Guimarães Fabreti Luiza, Höhna Sebastian
GeoBio-Center, Ludwig-Maximilians-Universität München, 80333 Munich, Germany.
Department of Earth and Environmental Sciences, Paleontology & Geobiology, Ludwig-Maximilians-Universität München, 80333 Munich, Germany.
Syst Biol. 2023 Dec 30;72(6):1418-1432. doi: 10.1093/sysbio/syad041.
Model selection aims to choose the most adequate model for the statistical analysis at hand. The model must be complex enough to capture the complexity of the data but should be simple enough not to overfit. In phylogenetics, the most common model selection scenario concerns selecting an adequate substitution and partition model for sequence evolution to infer a phylogenetic tree. Previously, several studies showed that substitution model under-parameterization can bias phylogenetic studies. Here, we explored the impact of substitution model over-parameterization in a Bayesian statistical framework.
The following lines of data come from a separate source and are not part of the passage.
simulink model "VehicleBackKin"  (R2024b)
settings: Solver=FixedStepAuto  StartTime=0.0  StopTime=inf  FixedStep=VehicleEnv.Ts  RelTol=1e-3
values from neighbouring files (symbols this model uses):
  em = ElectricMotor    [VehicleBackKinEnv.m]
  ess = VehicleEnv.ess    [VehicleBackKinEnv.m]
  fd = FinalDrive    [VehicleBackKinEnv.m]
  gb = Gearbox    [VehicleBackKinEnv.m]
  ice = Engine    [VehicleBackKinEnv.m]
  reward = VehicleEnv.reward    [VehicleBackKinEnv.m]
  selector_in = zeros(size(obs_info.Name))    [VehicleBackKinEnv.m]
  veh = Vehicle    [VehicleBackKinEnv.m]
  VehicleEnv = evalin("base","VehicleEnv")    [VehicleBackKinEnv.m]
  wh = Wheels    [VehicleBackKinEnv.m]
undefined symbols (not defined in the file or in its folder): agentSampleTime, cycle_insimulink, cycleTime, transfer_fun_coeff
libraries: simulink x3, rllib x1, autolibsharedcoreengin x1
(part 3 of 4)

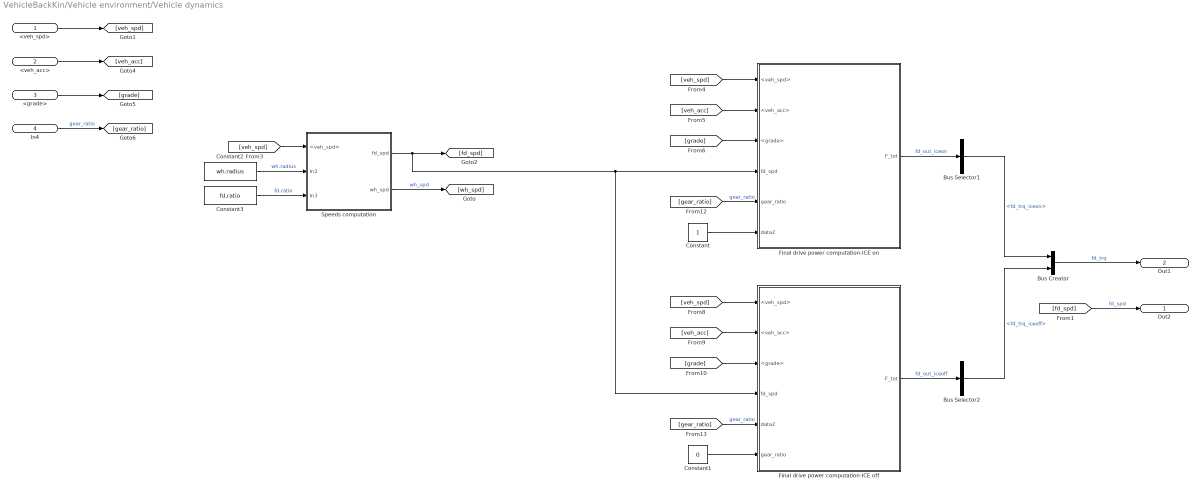
== system VehicleBackKin/Vehicle environment/Vehicle dynamics ==
  <veh_spd> : Inport
  <veh_acc> : Inport  Port=2
  <grade> : Inport  Port=3
  In4 : Inport  Port=4
  Bus Creator : BusCreator  Inputs=2
  Bus Selector1 : BusSelector  OutputSignals=fd_trq_iceon
  Bus Selector2 : BusSelector  OutputSignals=fd_trq_iceoff
  Constant : Constant
  Constant1 : Constant  Value=0
  Constant2 : Constant  Value=wh.radius
  Constant3 : Constant  Value=fd.ratio
  Final drive power computation-ICE off : Subsystem
  Final drive power computation-ICE on : Subsystem
  Speeds computation : Subsystem
  Out2 : Outport
  Out1 : Outport  Port=2
  wires:
  Speeds computation/1(fd_spd) -> [fd_spd], Final drive power computation-ICE off/4(fd_spd), Final drive power computation-ICE on/4(fd_spd)
  Speeds computation/2(wh_spd) -> [wh_spd]  "wh_spd"
  [fd_spd] -> Out2/1  "fd_spd"
  [gear_ratio] -> Final drive power computation-ICE on/5(gear_ratio)  "gear_ratio"
  <veh_spd>/1 -> [veh_spd]
  <veh_acc>/1 -> [veh_acc]
  <grade>/1 -> [grade]
  [veh_spd] -> Speeds computation/1(<veh_spd>)
  [veh_spd] -> Final drive power computation-ICE on/1(<veh_spd>)
  [veh_acc] -> Final drive power computation-ICE on/2(<veh_acc>)
  [grade] -> Final drive power computation-ICE on/3(<grade>)
  Constant/1 -> Final drive power computation-ICE on/6(data2)
  Constant1/1 -> Final drive power computation-ICE off/6(gear_ratio)
  [grade] -> Final drive power computation-ICE off/3(<grade>)
  [veh_spd] -> Final drive power computation-ICE off/1(<veh_spd>)
  [gear_ratio] -> Final drive power computation-ICE off/5(data2)  "gear_ratio"
  [veh_acc] -> Final drive power computation-ICE off/2(<veh_acc>)
  In4/1 -> [gear_ratio]  "gear_ratio"
  Constant2/1 -> Speeds computation/2(In2)  "wh.radius"
  Constant3/1 -> Speeds computation/3(In3)  "fd.ratio"
  Final drive power computation-ICE on/1(F_tot) -> Bus Selector1/1  "fd_out_iceon"
  Final drive power computation-ICE off/1(F_tot) -> Bus Selector2/1  "fd_out_iceoff"
  Bus Creator/1 -> Out1/1  "fd_trq"
  Bus Selector1/1 -> Bus Creator/1  "<fd_trq_iceon>"
  Bus Selector2/1 -> Bus Creator/2  "<fd_trq_iceoff>"

== system VehicleBackKin/Workspace saving/Testing ==
  In1 : Inport
  Bus Selector : BusSelector  OutputSignals=ice_out,batt_out,em_out,gb_out,veh_out,ems_out
  To Workspace1 : ToWorkspace  VariableName=ems_out  SaveFormat=Timeseries  SampleTime=-1
  To Workspace4 : ToWorkspace  VariableName=veh_out  SaveFormat=Timeseries  SampleTime=-1
  To Workspace5 : ToWorkspace  VariableName=gb_out  SaveFormat=Timeseries  SampleTime=-1
  To Workspace6 : ToWorkspace  VariableName=em_out  SaveFormat=Timeseries  SampleTime=-1
  To Workspace7 : ToWorkspace  VariableName=batt_out  SaveFormat=Timeseries  SampleTime=-1
  To Workspace8 : ToWorkspace  VariableName=ice_out  SaveFormat=Timeseries  SampleTime=-1
  wires:
  In1/1 -> Bus Selector/1
  Bus Selector/1 -> To Workspace8/1  "<ice_out>"
  Bus Selector/2 -> To Workspace7/1  "<batt_out>"
  Bus Selector/3 -> To Workspace6/1  "<em_out>"
  Bus Selector/4 -> To Workspace5/1  "<gb_out>"
  Bus Selector/5 -> To Workspace4/1  "<veh_out>"
  Bus Selector/6 -> To Workspace1/1  "<ems_out>"

== system VehicleBackKin/Workspace saving/Training ==
  In1 : Inport
  Bus Selector : BusSelector  OutputSignals=ice_out.ice_fuel_cum,batt_out.batt_soc
  To Workspace : ToWorkspace  VariableName=ice_fuel_cum  SaveFormat=Timeseries  SampleTime=1
  To Workspace1 : ToWorkspace  VariableName=batt_soc  SaveFormat=Timeseries  SampleTime=1
  wires:
  In1/1 -> Bus Selector/1
  Bus Selector/1 -> To Workspace/1  "<ice_fuel_cum>"
  Bus Selector/2 -> To Workspace1/1  "<batt_soc>"

== system VehicleBackKin/Reinforcement Learning controller/Reward/Dense ==
  note: Fuel penalty
  note: SoC penalty
  ice_fuel_rate : Inport
  agent_sample_time : Inport  Port=2
  batt_soc : Inport  Port=3
  Add : Sum  Inputs=+++
  Constant : Constant  Value=reward.soc_trg
  Constant1 : Constant  Value=reward.k1
  Gain : Gain  Gain=reward.k3
  Gain1 : Gain  Gain=reward.k2
  Product : Product
  SOC_reward_gain : Gain  Gain=reward.soc_gain
  Square : Math  Operator=square
  Subtract : Sum  Inputs=+-
  reward : Outport
  wires:
  Product/1 -> Gain1/1
  ice_fuel_rate/1 -> Product/1  "ice_fuel_rate"
  Add/1 -> reward/1  "reward"
  agent_sample_time/1 -> Product/2  "agent_sampleTime"
  Gain1/1 -> Add/2
  Constant1/1 -> Add/1
  Subtract/1 -> Square/1
  Constant/1 -> Subtract/2
  Gain/1 -> Add/3
  batt_soc/1 -> Subtract/1  "batt_soc"
  SOC_reward_gain/1 -> Gain/1
  Square/1 -> SOC_reward_gain/1

== system VehicleBackKin/Reinforcement Learning controller/Reward/Dense_multicycle ==
  note: Fuel penalty
  note: Distance percentage weigthing factor
  note: SoC penalty
  ice_fuel_rate : Inport
  agent_sample_time : Inport  Port=2
  batt_soc : Inport  Port=3
  veh_dist_tot : Inport  Port=4
  veh_dist_perc : Inport  Port=5
  Add : Sum  Inputs=+++
  Add1 : Sum
  Constant : Constant  Value=reward.soc_trg
  Constant1 : Constant  Value=reward.k1
  Divide : Product  Inputs=**/
  Divide1 : Product  Inputs=/*
  Gain : Gain  Gain=reward.k3*10
  Gain1 : Gain  Gain=reward.k2*10
  Gain2 : Gain  Gain=1/1000
  Product : Product
  Product1 : Product
  SOC_reward_gain : Gain  Gain=reward.soc_gain
  Square : Math  Operator=square
  Square1 : Math  Operator=square
  Subtract : Sum  Inputs=+-
  Subtract1 : Sum  Inputs=+-
  final_value : Constant
  initial_value : Constant  Value=0.3
  reward : Outport
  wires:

We performed simulations under the simplest substitution model, the Jukes-Cantor model, and compare posterior estimates of phylogenetic tree topologies and tree length under the true model to the most complex model, the $\text{GTR}+\Gamma+\text{I}$ substitution model, including over-splitting the data into additional subsets (i.e., applying partitioned models). We explored 4 choices of prior distributions: the default substitution model priors of MrBayes, BEAST2, and RevBayes and a newly devised prior choice (Tame). Our results show that Bayesian inference of phylogeny is robust to substitution model over-parameterization and over-partitioning but only under our new prior settings. All 3 current default priors introduced biases for the estimated tree length. We conclude that substitution and partition model selection are superfluous steps in Bayesian phylogenetic inference pipelines if well-behaved prior distributions are applied and more effort should focus on more complex and biologically realistic substitution models.
模型选择旨在为手头的统计分析选择最合适的模型。该模型必须足够复杂以捕捉数据的复杂性,但又要足够简单以免过度拟合。在系统发育学中,最常见的模型选择情况是为序列进化选择合适的替换模型和划分模型以推断系统发育树。此前,多项研究表明替换模型参数设置不足会使系统发育研究产生偏差。在此,我们在贝叶斯统计框架下探讨了替换模型参数设置过度的影响。我们在最简单的替换模型——朱克斯 - 坎托模型下进行模拟,并将真实模型下系统发育树拓扑结构和树长的后验估计与最复杂的模型—— $\text{GTR}+\Gamma+\text{I}$ 替换模型进行比较,包括将数据过度划分为更多子集(即应用划分模型)。我们探讨了4种先验分布选择:MrBayes、BEAST2和RevBayes的默认替换模型先验以及一种新设计的先验选择(Tame)。我们的结果表明,系统发育的贝叶斯推断对替换模型参数设置过度和过度划分具有鲁棒性,但仅在我们新的先验设置下如此。当前所有3种默认先验都会给估计的树长带来偏差。我们得出结论,如果应用表现良好的先验分布,那么在贝叶斯系统发育推断流程中,替换模型和划分模型的选择是多余的步骤,并且应将更多精力集中在更复杂且符合生物学实际的替换模型上。